# Wood text engraving color filling



## bluffcountry (Jun 19, 2012)

Anyone have lots of experience with text engraving on wood and color filling? Acrylic paint that washes away with water but can also bleed into the porous wood. Any other kind of pain you can think of that is a good balance between dry time and density?:blink:


----------



## cabinetman (Jul 5, 2007)

This thread might be of some help.










 







.


----------



## Frazee1 (Apr 30, 2012)

I know everyone does not have lasers but here is how I do it with my laser that may help. I first use Pledge furniture polish to seal the wood. I then put application tape (for sign work) but you could use masking tape. I then laser through it into the wood. The masking will be a good stencil. Paint your color fill then remove the tape. The pledge will help any stray paint and will keep it from straying.


----------



## Steve Neul (Sep 2, 2011)

Frazee1 said:


> I know everyone does not have lasers but here is how I do it with my laser that may help. I first use Pledge furniture polish to seal the wood. I then put application tape (for sign work) but you could use masking tape. I then laser through it into the wood. The masking will be a good stencil. Paint your color fill then remove the tape. The pledge will help any stray paint and will keep it from straying.

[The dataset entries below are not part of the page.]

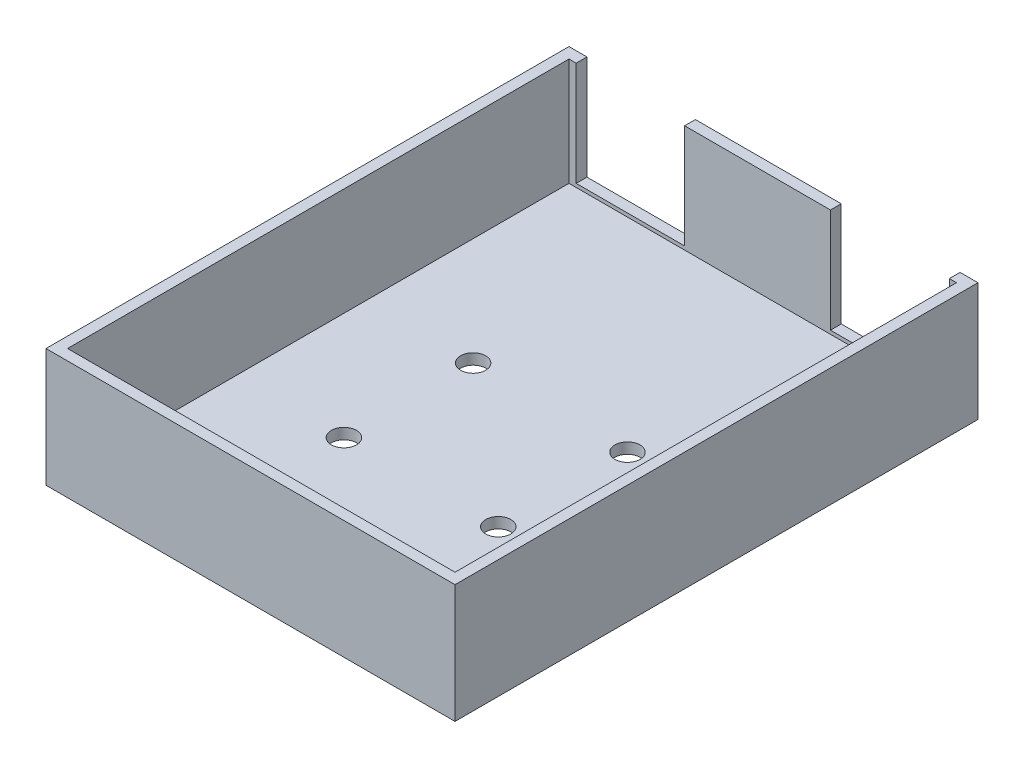
ISO-10303-21;
HEADER;
FILE_DESCRIPTION(('STEP AP214'),'2;1');
FILE_NAME('part.step','',(''),(''),'','','');
FILE_SCHEMA(('AUTOMOTIVE_DESIGN { 1 0 10303 214 1 1 1 1 }'));
ENDSEC;
DATA;
#1=APPLICATION_CONTEXT('core data for automotive mechanical design processes');
#2=APPLICATION_PROTOCOL_DEFINITION('international standard','automotive_design',2000,#1);
#3=PRODUCT_CONTEXT('',#1,'mechanical');
#4=PRODUCT('Part','Part','',(#3));
#5=PRODUCT_RELATED_PRODUCT_CATEGORY('part','',(#4));
#6=PRODUCT_DEFINITION_FORMATION('','',#4);
#7=PRODUCT_DEFINITION_CONTEXT('part definition',#1,'design');
#8=PRODUCT_DEFINITION('design','',#6,#7);
#9=PRODUCT_DEFINITION_SHAPE('','',#8);
#10=(LENGTH_UNIT() NAMED_UNIT(*) SI_UNIT(.MILLI.,.METRE.));
#11=(NAMED_UNIT(*) PLANE_ANGLE_UNIT() SI_UNIT($,.RADIAN.));
#12=(NAMED_UNIT(*) SI_UNIT($,.STERADIAN.) SOLID_ANGLE_UNIT());
#13=UNCERTAINTY_MEASURE_WITH_UNIT(LENGTH_MEASURE(1.E-05),#10,'distance_accuracy_value','');
#14=(GEOMETRIC_REPRESENTATION_CONTEXT(3) GLOBAL_UNCERTAINTY_ASSIGNED_CONTEXT((#13)) GLOBAL_UNIT_ASSIGNED_CONTEXT((#10,
#11,#12)) REPRESENTATION_CONTEXT('',''));
#15=CARTESIAN_POINT('',(0.,0.,0.));
#16=DIRECTION('',(0.,0.,1.));
#17=DIRECTION('',(1.,0.,0.));
#18=AXIS2_PLACEMENT_3D('',#15,#16,#17);
#19=CARTESIAN_POINT('',(0.,16.5,0.));
#20=DIRECTION('',(0.,1.,0.));
#21=DIRECTION('',(0.,0.,1.));
#22=AXIS2_PLACEMENT_3D('',#19,#20,#21);
#23=PLANE('',#22);
#24=DIRECTION('',(-1.,0.,0.));
#25=VECTOR('',#24,1.);
#26=CARTESIAN_POINT('',(-19.6956621004566,16.5,-22.28350456621));
#27=LINE('',#26,#25);
#28=CARTESIAN_POINT('',(16.7293378995434,16.5,-22.28350456621));
#29=VERTEX_POINT('',#28);
#30=CARTESIAN_POINT('',(-3.59066210045661,16.5,-22.28350456621));
#31=VERTEX_POINT('',#30);
#32=EDGE_CURVE('E171',#29,#31,#27,.T.);
#33=ORIENTED_EDGE('',*,*,#32,.F.);
#34=DIRECTION('',(0.,0.,-1.));
#35=VECTOR('',#34,1.);
#36=CARTESIAN_POINT('',(16.7293378995434,16.5,49.06749543379));
#37=LINE('',#36,#35);
#38=CARTESIAN_POINT('',(16.7293378995434,16.5,-23.78350456621));
#39=VERTEX_POINT('',#38);
#40=EDGE_CURVE('E164',#29,#39,#37,.T.);
#41=ORIENTED_EDGE('',*,*,#40,.T.);
#42=DIRECTION('',(-1.,0.,0.));
#43=VECTOR('',#42,1.);
#44=CARTESIAN_POINT('',(-21.1956621004566,16.5,-23.78350456621));
#45=LINE('',#44,#43);
#46=CARTESIAN_POINT('',(-3.59066210045661,16.5,-23.78350456621));
#47=VERTEX_POINT('',#46);
#48=EDGE_CURVE('E316',#39,#47,#45,.T.);
#49=ORIENTED_EDGE('',*,*,#48,.T.);
#50=DIRECTION('',(0.,0.,-1.));
#51=VECTOR('',#50,1.);
#52=CARTESIAN_POINT('',(-3.59066210045661,16.5,49.06749543379));
#53=LINE('',#52,#51);
#54=EDGE_CURVE('E192',#31,#47,#53,.T.);
#55=ORIENTED_EDGE('',*,*,#54,.F.);
#56=EDGE_LOOP('',(#33,#41,#49,#55));
#57=FACE_BOUND('',#56,.T.);
#58=ADVANCED_FACE('F33',(#57),#23,.T.);
#59=DIRECTION('',(0.,0.,-1.));
#60=VECTOR('',#59,1.);
#61=CARTESIAN_POINT('',(33.2793378995434,16.5,49.06749543379));
#62=LINE('',#61,#60);
#63=CARTESIAN_POINT('',(33.2793378995434,16.5,-22.28350456621));
#64=VERTEX_POINT('',#63);
#65=CARTESIAN_POINT('',(33.2793378995434,16.5,-23.78350456621));
#66=VERTEX_POINT('',#65);
#67=EDGE_CURVE('E147',#64,#66,#62,.T.);
#68=ORIENTED_EDGE('',*,*,#67,.F.);
#69=CARTESIAN_POINT('',(34.2793378995434,16.5,-22.28350456621));
#70=VERTEX_POINT('',#69);
#71=EDGE_CURVE('E160',#70,#64,#27,.T.);
#72=ORIENTED_EDGE('',*,*,#71,.F.);
#73=DIRECTION('',(0.,0.,-1.));
#74=VECTOR('',#73,1.);
#75=CARTESIAN_POINT('',(34.2793378995434,16.5,-22.28350456621));
#76=LINE('',#75,#74);
#77=CARTESIAN_POINT('',(34.2793378995434,16.5,47.5664954337899));
#78=VERTEX_POINT('',#77);
#79=EDGE_CURVE('E178',#78,#70,#76,.T.);
#80=ORIENTED_EDGE('',*,*,#79,.F.);
#81=DIRECTION('',(1.,0.,0.));
#82=VECTOR('',#81,1.);
#83=CARTESIAN_POINT('',(-19.6956621004566,16.5,47.5664954337899));
#84=LINE('',#83,#82);
#85=CARTESIAN_POINT('',(-19.6956621004566,16.5,47.5664954337899));
#86=VERTEX_POINT('',#85);
#87=EDGE_CURVE('E182',#86,#78,#84,.T.);
#88=ORIENTED_EDGE('',*,*,#87,.F.);
#89=DIRECTION('',(0.,0.,1.));
#90=VECTOR('',#89,1.);
#91=CARTESIAN_POINT('',(-19.6956621004566,16.5,-22.28350456621));
#92=LINE('',#91,#90);
#93=CARTESIAN_POINT('',(-19.6956621004566,16.5,-22.28350456621));
#94=VERTEX_POINT('',#93);
#95=EDGE_CURVE('E185',#94,#86,#92,.T.);
#96=ORIENTED_EDGE('',*,*,#95,.F.);
#97=CARTESIAN_POINT('',(-18.6956621004566,16.5,-22.28350456621));
#98=VERTEX_POINT('',#97);
#99=EDGE_CURVE('E173',#98,#94,#27,.T.);
#100=ORIENTED_EDGE('',*,*,#99,.F.);
#101=DIRECTION('',(0.,0.,-1.));
#102=VECTOR('',#101,1.);
#103=CARTESIAN_POINT('',(-18.6956621004566,16.5,49.06749543379));
#104=LINE('',#103,#102);
#105=CARTESIAN_POINT('',(-18.6956621004566,16.5,-23.78350456621));
#106=VERTEX_POINT('',#105);
#107=EDGE_CURVE('E197',#98,#106,#104,.T.);
#108=ORIENTED_EDGE('',*,*,#107,.T.);
#109=CARTESIAN_POINT('',(-21.1956621004566,16.5,-23.78350456621));
#110=VERTEX_POINT('',#109);
#111=EDGE_CURVE('E313',#106,#110,#45,.T.);
#112=ORIENTED_EDGE('',*,*,#111,.T.);
#113=DIRECTION('',(0.,0.,1.));
#114=VECTOR('',#113,1.);
#115=CARTESIAN_POINT('',(-21.1956621004566,16.5,-23.78350456621));
#116=LINE('',#115,#114);
#117=CARTESIAN_POINT('',(-21.1956621004566,16.5,49.06649543379));
#118=VERTEX_POINT('',#117);
#119=EDGE_CURVE('E284',#110,#118,#116,.T.);
#120=ORIENTED_EDGE('',*,*,#119,.T.);
#121=DIRECTION('',(1.,0.,0.));
#122=VECTOR('',#121,1.);
#123=CARTESIAN_POINT('',(-21.1956621004566,16.5,49.06649543379));
#124=LINE('',#123,#122);
#125=CARTESIAN_POINT('',(35.7793378995434,16.5,49.06649543379));
#126=VERTEX_POINT('',#125);
#127=EDGE_CURVE('E311',#118,#126,#124,.T.);
#128=ORIENTED_EDGE('',*,*,#127,.T.);
#129=DIRECTION('',(0.,0.,-1.));
#130=VECTOR('',#129,1.);
#131=CARTESIAN_POINT('',(35.7793378995434,16.5,-23.78350456621));
#132=LINE('',#131,#130);
#133=CARTESIAN_POINT('',(35.7793378995434,16.5,-23.78350456621));
#134=VERTEX_POINT('',#133);
#135=EDGE_CURVE('E312',#126,#134,#132,.T.);
#136=ORIENTED_EDGE('',*,*,#135,.T.);
#137=EDGE_CURVE('E162',#134,#66,#45,.T.);
#138=ORIENTED_EDGE('',*,*,#137,.T.);
#139=EDGE_LOOP('',(#68,#72,#80,#88,#96,#100,#108,#112,#120,#128,#136,#138));
#140=FACE_BOUND('',#139,.T.);
#141=ADVANCED_FACE('F158',(#140),#23,.T.);
#142=CARTESIAN_POINT('',(-21.1956621004566,16.5,-23.78350456621));
#143=DIRECTION('',(0.,0.,1.));
#144=DIRECTION('',(1.,0.,0.));
#145=AXIS2_PLACEMENT_3D('',#142,#143,#144);
#146=PLANE('',#145);
#147=DIRECTION('',(0.,-1.,0.));
#148=VECTOR('',#147,1.);
#149=CARTESIAN_POINT('',(16.7293378995434,0.,-23.78350456621));
#150=LINE('',#149,#148);
#151=CARTESIAN_POINT('',(16.7293378995434,2.,-23.78350456621));
#152=VERTEX_POINT('',#151);
#153=EDGE_CURVE('E217',#39,#152,#150,.T.);
#154=ORIENTED_EDGE('',*,*,#153,.T.);
#155=DIRECTION('',(-1.,0.,0.));
#156=VECTOR('',#155,1.);
#157=CARTESIAN_POINT('',(0.,2.,-23.78350456621));
#158=LINE('',#157,#156);
#159=CARTESIAN_POINT('',(33.2793378995434,2.,-23.78350456621));
#160=VERTEX_POINT('',#159);
#161=EDGE_CURVE('E223',#160,#152,#158,.T.);
#162=ORIENTED_EDGE('',*,*,#161,.F.);
#163=DIRECTION('',(0.,-1.,0.));
#164=VECTOR('',#163,1.);
#165=CARTESIAN_POINT('',(33.2793378995434,0.,-23.78350456621));
#166=LINE('',#165,#164);
#167=EDGE_CURVE('E152',#66,#160,#166,.T.);
#168=ORIENTED_EDGE('',*,*,#167,.F.);
#169=ORIENTED_EDGE('',*,*,#137,.F.);
#170=DIRECTION('',(0.,-1.,0.));
#171=VECTOR('',#170,1.);
#172=CARTESIAN_POINT('',(35.7793378995434,16.5,-23.78350456621));
#173=LINE('',#172,#171);
#174=CARTESIAN_POINT('',(35.7793378995434,0.,-23.78350456621));
#175=VERTEX_POINT('',#174);
#176=EDGE_CURVE('E287',#134,#175,#173,.T.);
#177=ORIENTED_EDGE('',*,*,#176,.T.);
#178=DIRECTION('',(-1.,0.,0.));
#179=VECTOR('',#178,1.);
#180=CARTESIAN_POINT('',(-21.1956621004566,0.,-23.78350456621));
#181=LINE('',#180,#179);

 How do you finish the wood after using pledge on it?


----------



## rrich (Jun 24, 2009)

From what I have observed.... Use a belt sander.

Spray the color lacquer over the piece to fill the engraving. Then sand the surface on a belt sander. I saw it done on a sign and the filling of the letters was "perfect". Then the sign was sprayed with clear lacquer.


----------



## bluffcountry (Jun 19, 2012)

Frazee1 said:


> I know everyone does not have lasers but here is how I do it with my laser that may help. I first use Pledge furniture polish to seal the wood. I then put application tape (for sign work) but you could use masking tape. I then laser through it into the wood. The masking will be a good stencil. Paint your color fill then remove the tape. The pledge will help any stray paint and will keep it from straying.


I suppose the laser would burn off the tape correct? If engraving is small text it would be a pain to try and peel off before filling I would have to guess.


----------